Now the sophisticated look foregrounds the artifice, and produces a portrait which does not purport to capture the very essence of the sitter but declares itself to be a glimpse, an unplanned, momentary appearance.
Photomontage can pose a number of challenges to our visual system. We may be unsure:. Few photomontages are equally difficult in all four ways, but if we have difficulty with what , the latter questions are hard even to formulate. When determinations of what become effortful, we fall back on re-tracing elementary, usually automatic, processes of tracing edges and contours and looking for at least partial matches to familiar objects.
When looking at Figure 2. Rather than regarding this as an impossible object or optical illusion, however, we may try to naturalize it in some grotesque way "she is melting". There are other, harder cases. Titian's Venus is strongly outlined and then projected and painted all over a wooden vanity with open drawers, a sea shell and some trophies, the walls, floor, and the curtains. The oval piece of glass appears to be a mirror because it reflects the vanity table top with one of the little trophies and blocks the curtain.

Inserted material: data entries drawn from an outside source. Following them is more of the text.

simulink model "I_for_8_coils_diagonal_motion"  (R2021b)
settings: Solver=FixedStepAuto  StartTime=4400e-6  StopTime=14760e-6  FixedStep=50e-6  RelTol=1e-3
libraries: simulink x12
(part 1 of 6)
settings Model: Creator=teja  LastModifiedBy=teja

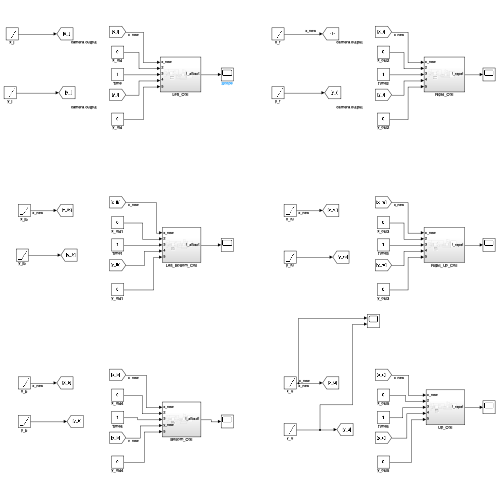
[thumbnail: Simulink's stored preview of the top-level diagram]
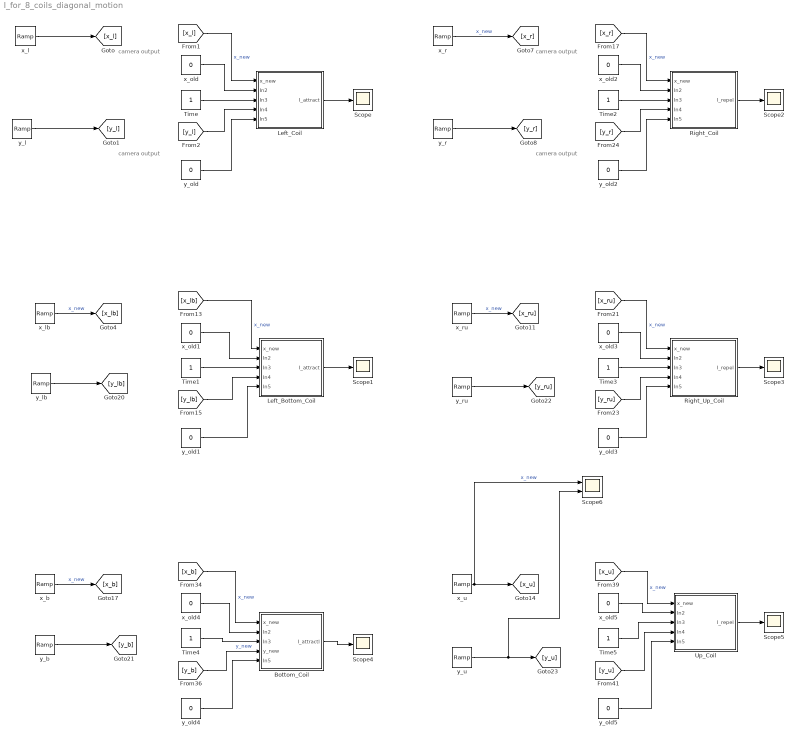
== system I_for_8_coils_diagonal_motion ==
  note: camera output
  note: camera output
  note: camera output
  note: camera output
  Bottom_Coil : Subsystem
  Left_Bottom_Coil : Subsystem
  Left_Coil : Subsystem
  Right_Coil : Subsystem
  Right_Up_Coil : Subsystem
  Scope{,1..5} (6 alike) : Scope
  Scope6 : Scope  NumInputPorts=2
  Time{,1..5} (6 alike) : Constant
  Up_Coil : Subsystem
  x_b : simulink/Sources/Ramp  slope=1  start=0  InitialOutput=-4400e-6
  x_l : simulink/Sources/Ramp  slope=1  start=0  InitialOutput=0
  x_lb : simulink/Sources/Ramp  slope=1  start=0  InitialOutput=0
  x_old{,1..5} (6 alike) : Constant  Value=0
  x_r : simulink/Sources/Ramp  slope=-1  start=0  InitialOutput=-4400e-6
  x_ru : simulink/Sources/Ramp  slope=-1  start=0  InitialOutput=0
  x_u : simulink/Sources/Ramp  slope=-1  start=0  InitialOutput=8800e-6
  y_b : simulink/Sources/Ramp  slope=1  start=0  InitialOutput=0
  y_l : simulink/Sources/Ramp  slope=1  start=0  InitialOutput=-8800e-6
  y_lb : simulink/Sources/Ramp  slope=1  start=0  InitialOutput=0
  y_old{,1..5} (6 alike) : Constant  Value=0
  y_r : simulink/Sources/Ramp  slope=-1  start=4400e-6  InitialOutput=0
  y_ru : simulink/Sources/Ramp  slope=-1  start=0  InitialOutput=0
  y_u : simulink/Sources/Ramp  slope=-1  start=0  InitialOutput=0
  wires:
  y_l/1 -> [y_l]
  x_lb/1 -> [x_lb]  "x_new"
  x_l/1 -> [x_l]
  y_lb/1 -> [y_lb]
  [x_l] -> Left_Coil/1(x_new)  "x_new"
  x_old/1 -> Left_Coil/2(In2)
  Time/1 -> Left_Coil/3(In3)
  [y_l] -> Left_Coil/4(In4)
  y_old/1 -> Left_Coil/5(In5)
  Left_Coil/1(I_attract) -> Scope/1
  [x_lb] -> Left_Bottom_Coil/1(x_new)  "x_new"
  x_old1/1 -> Left_Bottom_Coil/2(In2)
  Time1/1 -> Left_Bottom_Coil/3(In3)
  [y_lb] -> Left_Bottom_Coil/4(In4)
  y_old1/1 -> Left_Bottom_Coil/5(In5)
  Left_Bottom_Coil/1(I_attract) -> Scope1/1
  [x_b] -> Bottom_Coil/1(x_new)  "x_new"
  x_old4/1 -> Bottom_Coil/2(In2)
  Time4/1 -> Bottom_Coil/3(In3)
  [y_b] -> Bottom_Coil/4(y_new)  "y_new"
  y_old4/1 -> Bottom_Coil/5(In5)
  Bottom_Coil/1(I_attractl) -> Scope4/1
  [x_r] -> Right_Coil/1(x_new)  "x_new"
  x_old2/1 -> Right_Coil/2(In2)
  Time2/1 -> Right_Coil/3(In3)
  [y_r] -> Right_Coil/4(In4)
  y_old2/1 -> Right_Coil/5(In5)
  Right_Coil/1(I_repel) -> Scope2/1
  [x_ru] -> Right_Up_Coil/1(x_new)  "x_new"
  x_old3/1 -> Right_Up_Coil/2(In2)
  Time3/1 -> Right_Up_Coil/3(In3)
  [y_ru] -> Right_Up_Coil/4(In4)
  y_old3/1 -> Right_Up_Coil/5(In5)
  Right_Up_Coil/1(I_repel) -> Scope3/1
  [x_u] -> Up_Coil/1(x_new)  "x_new"
  x_old5/1 -> Up_Coil/2(In2)
  Time5/1 -> Up_Coil/3(In3)
  [y_u] -> Up_Coil/4(In4)
  y_old5/1 -> Up_Coil/5(In5)
  Up_Coil/1(I_repel) -> Scope5/1
  y_b/1 -> [y_b]
  x_b/1 -> [x_b]  "x_new"
  x_r/1 -> [x_r]  "x_new"
  y_r/1 -> [y_r]
  y_ru/1 -> [y_ru]
  x_ru/1 -> [x_ru]  "x_new"
  y_u/1 -> Scope6/2, [y_u]
  x_u/1 -> Scope6/1, [x_u]  "x_new"

== system I_for_8_coils_diagonal_motion/Bottom_Coil ==
  note: Inside coil, it is repulsive force, hence outside coil it generates attractive force
      |
      | Hence F increasing from -14 to -4
  note: Bot coming to this coil
  x_new : Inport
  In2 : Inport  Port=2
  In3 : Inport  Port=3
  y_new : Inport  Port=4
  In5 : Inport  Port=5
  Force_repel2 : Subsystem
  Left_Coil2 : Subsystem
  Required Current in Coil4 : MATLAB Function  TreatAsAtomicUnit=on
  z_new4 : Constant  Value=150e-6
  I_attractl : Outport
  wires:
  In2/1 -> Force_repel2/2(In2)
  In3/1 -> Force_repel2/3(In3)
  In5/1 -> Force_repel2/5(In5)
  x_new/1 -> Left_Coil2/1(x_new), Required Current in Coil4/7(x_new), Force_repel2/1(In1)
  Required Current in Coil4/1(I) -> I_attractl/1  "I_attract"
  Left_Coil2/4(Out4) -> Required Current in Coil4/6(dyn_dz)  "dyn/dz"
  y_new/1 -> Left_Coil2/2(y_new), Required Current in Coil4/8(y_new), Force_repel2/4(In4)
  Force_repel2/1(F_mag_x) -> [F_mag_xb]  "F_mag_x"
  z_new4/1 -> Left_Coil2/3(z_new)
  [F_mag_xb] -> Required Current in Coil4/1(F_xz_1)  "F_x"
  [F_mag_yb] -> Required Current in Coil4/2(F_yz_1)  "F_y"
  Force_repel2/2(F_mag_y) -> [F_mag_yb]
  Left_Coil2/2(Out2) -> Required Current in Coil4/4(dxn_dz)  "dxn/dz"
  Left_Coil2/1(Out1) -> Required Current in Coil4/3(dxp_dz)  "dxp/dz"
  Left_Coil2/3(Out3) -> Required Current in Coil4/5(dyp_dz)  "dyp/dz"

== system I_for_8_coils_diagonal_motion/Left_Bottom_Coil ==
  note: Inside coil, it is repulsive force, hence outside coil it generates attractive force
      |
      | Hence F increasing from -14 to -4
  note: Bot coming to this coil
  x_new : Inport
  In2 : Inport  Port=2
  In3 : Inport  Port=3
  In4 : Inport  Port=4
  In5 : Inport  Port=5
  Force_repel : Subsystem
  Left_Coil : Subsystem
  Required Current in Coil1 : MATLAB Function  TreatAsAtomicUnit=on
  z_new1 : Constant  Value=150e-6
  I_attract : Outport
  wires:
  In3/1 -> Force_repel/3(In3)
  In2/1 -> Force_repel/2(In2)
  x_new/1 -> Required Current in Coil1/7(x_new), Left_Coil/1(x_new), Force_repel/1(In1)
  [F_mag_ylb] -> Required Current in Coil1/2(F_yz_1)  "F_y"
  Force_repel/2(F_mag_y) -> [F_mag_ylb]
  Left_Coil/4(Out4) -> Required Current in Coil1/6(dyn_dz)  "dyn/dz"
  Force_repel/1(F_mag_x) -> [F_mag_xlb]  "F_mag_x"
  In5/1 -> Force_repel/5(In5)
  Required Current in Coil1/1(I) -> I_attract/1  "I_attract"
  [F_mag_xlb] -> Required Current in Coil1/1(F_xz_1)  "F_x"
  Left_Coil/1(Out1) -> Required Current in Coil1/3(dxp_dz)  "dxp/dz"
  In4/1 -> Required Current in Coil1/8(y_new), Left_Coil/2(y_new), Force_repel/4(In4)
  z_new1/1 -> Left_Coil/3(z_new)
  Left_Coil/2(Out2) -> Required Current in Coil1/4(dxn_dz)  "dxn/dz"
  Left_Coil/3(Out3) -> Required Current in Coil1/5(dyp_dz)  "dyp/dz"

== system I_for_8_coils_diagonal_motion/Left_Coil ==
  note: Inside coil, it is attractive force, hence outside coil it generates repulsive force
      |
      | Hence F increasing from 4 to 14
  x_new : Inport
  In2 : Inport  Port=2
  In3 : Inport  Port=3
  In4 : Inport  Port=4
  In5 : Inport  Port=5
  Force_attract : Subsystem
  Required Current in Coil : MATLAB Function  TreatAsAtomicUnit=on
  Right_Coil : Subsystem
  z_new : Constant  Value=150e-6
  I_attract : Outport
  wires:
  In2/1 -> Force_attract/2(In2)
  Required Current in Coil/1(I) -> I_attract/1  "I_attract"
  In4/1 -> Right_Coil/2(y_new), Required Current in Coil/8(y_new), Force_attract/4(In4)
  x_new/1 -> Right_Coil/1(x_new), Required Current in Coil/7(x_new), Force_attract/1(In1)
  In3/1 -> Force_attract/3(In3)
  Force_attract/2(F_mag_y) -> [F_mag_yl]
  Right_Coil/1(Out1) -> Required Current in Coil/3(dxp_dz)  "dxp/dz"
  In5/1 -> Force_attract/5(In5)
  z_new/1 -> Right_Coil/3(z_new)
  Right_Coil/2(Out2) -> Required Current in Coil/4(dxn_dz)  "dxn/dz"
  [F_mag_xl] -> Required Current in Coil/1(F_xz_1)  "F_x"
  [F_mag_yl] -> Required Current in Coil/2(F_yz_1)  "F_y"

Even with this extremely uneven "canvas" the varying surfaces of several objects with its own textures, the figures are clearly recognizable, and you have to make an effort to see the vanity, for example; such is the power of color filled outline! This to be sure is not photomontage, though one image is laid over another, as it were.
Rather, it is faux photomontage which will be taken up in the fourth section of this chapter. Rejlander: Hard Times c.
In the study of human vision, an edge is defined as an intensity gradient that changes sharply; in David Marr's foundational model, detection of edges is the very first step in perceiving objects in a world.
It is assumed that the eye works very much like an edge-detection filter in a graphics processing program, and images in which the edge-information is scrambled or atypical prove to various degrees hard to make out.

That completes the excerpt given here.